枕草子を現代語訳したり考えたりしてみる

清少納言の枕草子を読んでいます。自分なりに現代語訳したり、解説したり、感想を書いています。専門家ではないので間違っていたらすみません。ご指摘・ご教授いただけると幸いです。私自身が読む、という前提ですので、初心者向けであって、何よりもわかりやすい、ということを意識しているのですがいかがでしょうか。最初から読みたい!という奇特な方は「(PC版)リンク」から移動してください。また、検索窓に各段の冒頭部分や文中のワードを入れて検索していただくと、任意の段をご覧いただけると思います(たぶん)。

日のいとうららかなるに③ ~屋形といふものの方にて~

 屋形っていうものの方で櫓を押すの。だけど、奥にいる者は安心。端に立ってる者は目が眩むような気分になるでしょうね。早緒(はやお)って名付けて、櫓とかに結んだものの弱そうな感じといったら!! それがもし切れてしまったら何にもならない、すぐに落とし込んでしまうんでしょうけど、それなのに太かったりもしないの。
 私が乗った舟は、きれいに作ってあって、妻戸(つまど)を開けたり、格子を上げたりしてそんなに水と同じ高さにいるような感じはしないから、まるで小さな家の中にいるみたいなの。
 小舟を見るのはめちゃくちゃコワいのよ! 遠くのはマジ、笹の葉で作って散らかしたのにすごくよく似てる!
 停泊してるところで、舟ごとに灯してる火は、これはまたすごくいかしてる感じに見えるわ。


----------訳者の戯言---------

早緒(はやお)というのは、舟を漕ぐ時に櫓(ろ)につける綱のことを言うそうです。
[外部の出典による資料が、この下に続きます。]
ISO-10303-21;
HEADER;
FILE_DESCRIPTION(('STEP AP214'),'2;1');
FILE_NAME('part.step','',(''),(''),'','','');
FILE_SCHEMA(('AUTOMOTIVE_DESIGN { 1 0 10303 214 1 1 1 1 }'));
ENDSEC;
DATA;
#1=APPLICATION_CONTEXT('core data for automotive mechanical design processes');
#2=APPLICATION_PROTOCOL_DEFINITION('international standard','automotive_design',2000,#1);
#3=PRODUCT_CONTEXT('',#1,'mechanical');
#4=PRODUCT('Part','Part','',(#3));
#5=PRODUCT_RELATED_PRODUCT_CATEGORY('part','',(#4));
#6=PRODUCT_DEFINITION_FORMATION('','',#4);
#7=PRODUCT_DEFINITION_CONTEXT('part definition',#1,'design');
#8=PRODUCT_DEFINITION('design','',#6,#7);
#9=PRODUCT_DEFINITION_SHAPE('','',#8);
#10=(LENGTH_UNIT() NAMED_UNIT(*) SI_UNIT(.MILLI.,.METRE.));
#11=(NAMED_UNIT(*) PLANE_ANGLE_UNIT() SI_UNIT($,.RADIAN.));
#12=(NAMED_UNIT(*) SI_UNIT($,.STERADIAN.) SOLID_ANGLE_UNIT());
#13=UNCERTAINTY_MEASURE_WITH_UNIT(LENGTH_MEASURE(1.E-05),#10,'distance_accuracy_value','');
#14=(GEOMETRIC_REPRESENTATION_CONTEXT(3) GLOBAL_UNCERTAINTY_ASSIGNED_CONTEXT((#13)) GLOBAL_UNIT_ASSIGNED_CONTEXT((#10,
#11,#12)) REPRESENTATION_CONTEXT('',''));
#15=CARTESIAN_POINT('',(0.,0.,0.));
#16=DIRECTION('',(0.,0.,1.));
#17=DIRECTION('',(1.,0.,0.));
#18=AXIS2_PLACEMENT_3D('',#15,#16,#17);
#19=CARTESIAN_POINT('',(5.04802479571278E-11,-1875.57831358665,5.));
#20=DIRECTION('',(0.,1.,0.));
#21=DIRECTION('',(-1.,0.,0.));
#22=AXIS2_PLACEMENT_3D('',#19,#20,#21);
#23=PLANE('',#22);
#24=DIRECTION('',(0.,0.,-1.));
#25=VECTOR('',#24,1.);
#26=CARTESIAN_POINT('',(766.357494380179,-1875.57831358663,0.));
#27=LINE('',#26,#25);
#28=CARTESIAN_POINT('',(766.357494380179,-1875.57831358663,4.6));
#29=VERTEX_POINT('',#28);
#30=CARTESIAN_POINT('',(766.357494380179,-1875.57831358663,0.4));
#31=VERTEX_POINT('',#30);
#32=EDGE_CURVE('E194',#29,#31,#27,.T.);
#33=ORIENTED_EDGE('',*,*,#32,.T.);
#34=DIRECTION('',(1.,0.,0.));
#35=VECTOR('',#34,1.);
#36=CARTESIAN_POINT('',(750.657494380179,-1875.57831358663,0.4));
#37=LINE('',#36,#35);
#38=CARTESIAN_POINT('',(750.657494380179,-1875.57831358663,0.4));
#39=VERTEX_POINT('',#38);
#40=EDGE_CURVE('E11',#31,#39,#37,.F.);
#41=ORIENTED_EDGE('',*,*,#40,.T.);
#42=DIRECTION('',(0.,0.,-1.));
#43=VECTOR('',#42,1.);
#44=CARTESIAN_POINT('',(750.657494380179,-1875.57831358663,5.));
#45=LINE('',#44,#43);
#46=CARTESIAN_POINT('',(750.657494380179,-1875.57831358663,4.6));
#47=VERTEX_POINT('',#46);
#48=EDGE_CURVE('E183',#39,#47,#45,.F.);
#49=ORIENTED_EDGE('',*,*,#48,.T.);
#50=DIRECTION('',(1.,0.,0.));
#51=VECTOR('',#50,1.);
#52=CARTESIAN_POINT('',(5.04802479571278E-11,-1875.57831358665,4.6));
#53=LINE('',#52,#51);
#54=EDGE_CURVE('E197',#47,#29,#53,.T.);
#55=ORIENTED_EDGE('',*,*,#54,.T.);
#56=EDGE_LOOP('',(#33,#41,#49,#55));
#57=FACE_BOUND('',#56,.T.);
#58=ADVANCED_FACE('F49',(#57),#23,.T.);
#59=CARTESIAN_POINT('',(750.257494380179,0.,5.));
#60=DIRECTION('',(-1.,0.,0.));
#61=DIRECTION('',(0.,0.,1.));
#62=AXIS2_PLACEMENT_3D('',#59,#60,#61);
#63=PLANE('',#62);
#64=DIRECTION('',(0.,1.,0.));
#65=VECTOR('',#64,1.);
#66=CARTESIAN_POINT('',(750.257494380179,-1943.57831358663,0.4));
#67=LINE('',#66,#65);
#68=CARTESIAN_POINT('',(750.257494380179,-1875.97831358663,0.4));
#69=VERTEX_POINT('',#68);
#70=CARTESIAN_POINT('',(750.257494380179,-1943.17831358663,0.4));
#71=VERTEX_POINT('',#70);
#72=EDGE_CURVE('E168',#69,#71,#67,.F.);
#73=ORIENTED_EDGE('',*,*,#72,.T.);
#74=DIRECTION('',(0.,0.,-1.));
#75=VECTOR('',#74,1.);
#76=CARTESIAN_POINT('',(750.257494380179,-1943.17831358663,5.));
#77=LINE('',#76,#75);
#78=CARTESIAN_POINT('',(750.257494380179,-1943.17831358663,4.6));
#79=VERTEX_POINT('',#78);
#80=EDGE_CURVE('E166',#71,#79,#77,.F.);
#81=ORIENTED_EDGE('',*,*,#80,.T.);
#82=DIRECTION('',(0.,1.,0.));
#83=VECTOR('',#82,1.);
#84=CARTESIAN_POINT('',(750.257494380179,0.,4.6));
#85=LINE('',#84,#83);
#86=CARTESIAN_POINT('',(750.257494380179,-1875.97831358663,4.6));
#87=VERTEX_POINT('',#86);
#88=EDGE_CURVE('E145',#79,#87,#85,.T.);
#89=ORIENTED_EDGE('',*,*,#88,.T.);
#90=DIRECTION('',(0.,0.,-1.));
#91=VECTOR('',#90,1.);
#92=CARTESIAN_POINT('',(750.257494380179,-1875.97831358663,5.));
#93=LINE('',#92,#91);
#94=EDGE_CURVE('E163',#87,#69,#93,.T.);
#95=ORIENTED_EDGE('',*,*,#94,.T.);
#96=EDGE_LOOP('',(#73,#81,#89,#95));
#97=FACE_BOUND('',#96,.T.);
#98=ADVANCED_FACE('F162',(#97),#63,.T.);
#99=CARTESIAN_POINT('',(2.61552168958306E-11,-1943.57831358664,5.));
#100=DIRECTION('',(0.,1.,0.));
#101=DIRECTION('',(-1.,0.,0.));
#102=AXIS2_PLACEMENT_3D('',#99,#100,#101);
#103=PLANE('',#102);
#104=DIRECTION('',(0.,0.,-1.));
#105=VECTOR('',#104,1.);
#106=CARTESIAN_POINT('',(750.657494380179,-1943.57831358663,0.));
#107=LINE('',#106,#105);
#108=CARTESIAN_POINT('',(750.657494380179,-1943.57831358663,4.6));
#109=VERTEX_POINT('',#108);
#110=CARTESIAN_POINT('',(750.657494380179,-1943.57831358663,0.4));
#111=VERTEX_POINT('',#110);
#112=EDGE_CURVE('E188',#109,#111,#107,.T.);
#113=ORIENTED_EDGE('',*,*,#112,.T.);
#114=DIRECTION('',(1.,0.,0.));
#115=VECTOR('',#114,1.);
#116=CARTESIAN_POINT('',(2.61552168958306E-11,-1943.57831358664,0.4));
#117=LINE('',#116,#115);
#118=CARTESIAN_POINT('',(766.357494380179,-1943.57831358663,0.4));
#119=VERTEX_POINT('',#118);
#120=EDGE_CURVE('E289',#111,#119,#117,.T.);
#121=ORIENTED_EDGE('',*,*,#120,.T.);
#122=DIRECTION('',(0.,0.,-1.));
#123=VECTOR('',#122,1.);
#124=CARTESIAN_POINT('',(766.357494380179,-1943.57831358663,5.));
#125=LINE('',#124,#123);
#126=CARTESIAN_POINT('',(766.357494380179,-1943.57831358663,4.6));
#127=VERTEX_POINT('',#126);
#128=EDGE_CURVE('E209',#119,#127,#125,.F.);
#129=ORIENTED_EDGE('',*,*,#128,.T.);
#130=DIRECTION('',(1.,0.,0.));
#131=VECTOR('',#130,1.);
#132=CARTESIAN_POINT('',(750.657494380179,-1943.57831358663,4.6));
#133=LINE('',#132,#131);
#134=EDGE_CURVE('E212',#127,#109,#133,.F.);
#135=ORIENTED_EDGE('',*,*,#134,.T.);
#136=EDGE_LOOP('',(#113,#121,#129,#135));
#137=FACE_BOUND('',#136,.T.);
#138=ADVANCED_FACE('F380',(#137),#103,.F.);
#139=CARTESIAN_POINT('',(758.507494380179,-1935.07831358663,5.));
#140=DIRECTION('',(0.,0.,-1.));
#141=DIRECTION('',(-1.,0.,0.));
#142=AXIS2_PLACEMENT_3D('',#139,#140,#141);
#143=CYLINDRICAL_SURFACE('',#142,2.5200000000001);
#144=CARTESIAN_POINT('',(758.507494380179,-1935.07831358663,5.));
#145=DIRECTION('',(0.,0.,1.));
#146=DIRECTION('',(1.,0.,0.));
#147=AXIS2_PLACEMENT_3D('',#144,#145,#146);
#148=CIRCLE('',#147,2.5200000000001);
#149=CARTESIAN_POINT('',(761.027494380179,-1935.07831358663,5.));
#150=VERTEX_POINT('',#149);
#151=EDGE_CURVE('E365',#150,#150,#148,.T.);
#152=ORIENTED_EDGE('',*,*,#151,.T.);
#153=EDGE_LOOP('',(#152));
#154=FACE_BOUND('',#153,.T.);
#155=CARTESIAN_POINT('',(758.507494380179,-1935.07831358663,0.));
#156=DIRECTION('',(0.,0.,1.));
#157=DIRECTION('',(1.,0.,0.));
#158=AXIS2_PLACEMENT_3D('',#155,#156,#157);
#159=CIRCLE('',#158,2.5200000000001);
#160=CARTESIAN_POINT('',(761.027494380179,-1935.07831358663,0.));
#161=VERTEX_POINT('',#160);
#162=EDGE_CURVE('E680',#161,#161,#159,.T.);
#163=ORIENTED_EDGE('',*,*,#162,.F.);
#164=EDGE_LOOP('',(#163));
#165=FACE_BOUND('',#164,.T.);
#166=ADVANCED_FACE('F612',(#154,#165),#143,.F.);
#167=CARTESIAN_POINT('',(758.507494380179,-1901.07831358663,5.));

櫓綱(ろづな)。
はやおといえば宮崎です。前の記事もアニメネタでしたが、「早緒」と「駿」は残念ながら同語源ではありません。全然関係はなさそうです。

妻戸(つまど)というのは両開きの扉のことです。観音開きの戸、という言い方もできますね。寝殿造では寝殿の「妻」、つまり長方形の短い辺の両脇に付くのが一般的であることから「妻戸」と呼んだそうです。
これに対し、時々出てくる「遣戸(やりど)」は引き違い戸ということになります。


清少納言が乗ってるのは比較的大型の舟のようですね。小さい舟は海が荒れると、遠くから見たら笹舟を浮かせたようになる、と。かと思ってたら停泊所ではなかなかいい雰囲気でしたわ。って話です、ここまでは。
後で書いてる文章だから、いろんな情景が思い出されるのか、とっ散らかってます。④に続きます。


【原文】

 屋形といふものの方にて押す。されど、奥なるはたのもし。端(はた)にて立てる者こそ目くるる心地すれ。早緒とつけて、櫓とかにすげたるものの弱げさよ。かれが絶えば、何にかならむ。ふと落ち入りなむを。それだに太くなどもあらず。わが乗りたるは、清げに造り、端戸(つまど)あけ、格子あげなどして、さ水とひとしう下りげになどあらねば、ただ家の小さきにてあり。

 小舟を見やるこそいみじけれ。遠きはまことに笹の葉を作りてうち散らしたるにこそいとよう似たれ。泊まりたる所にて、船ごとにともしたる火は、またいとをかしう見ゆ。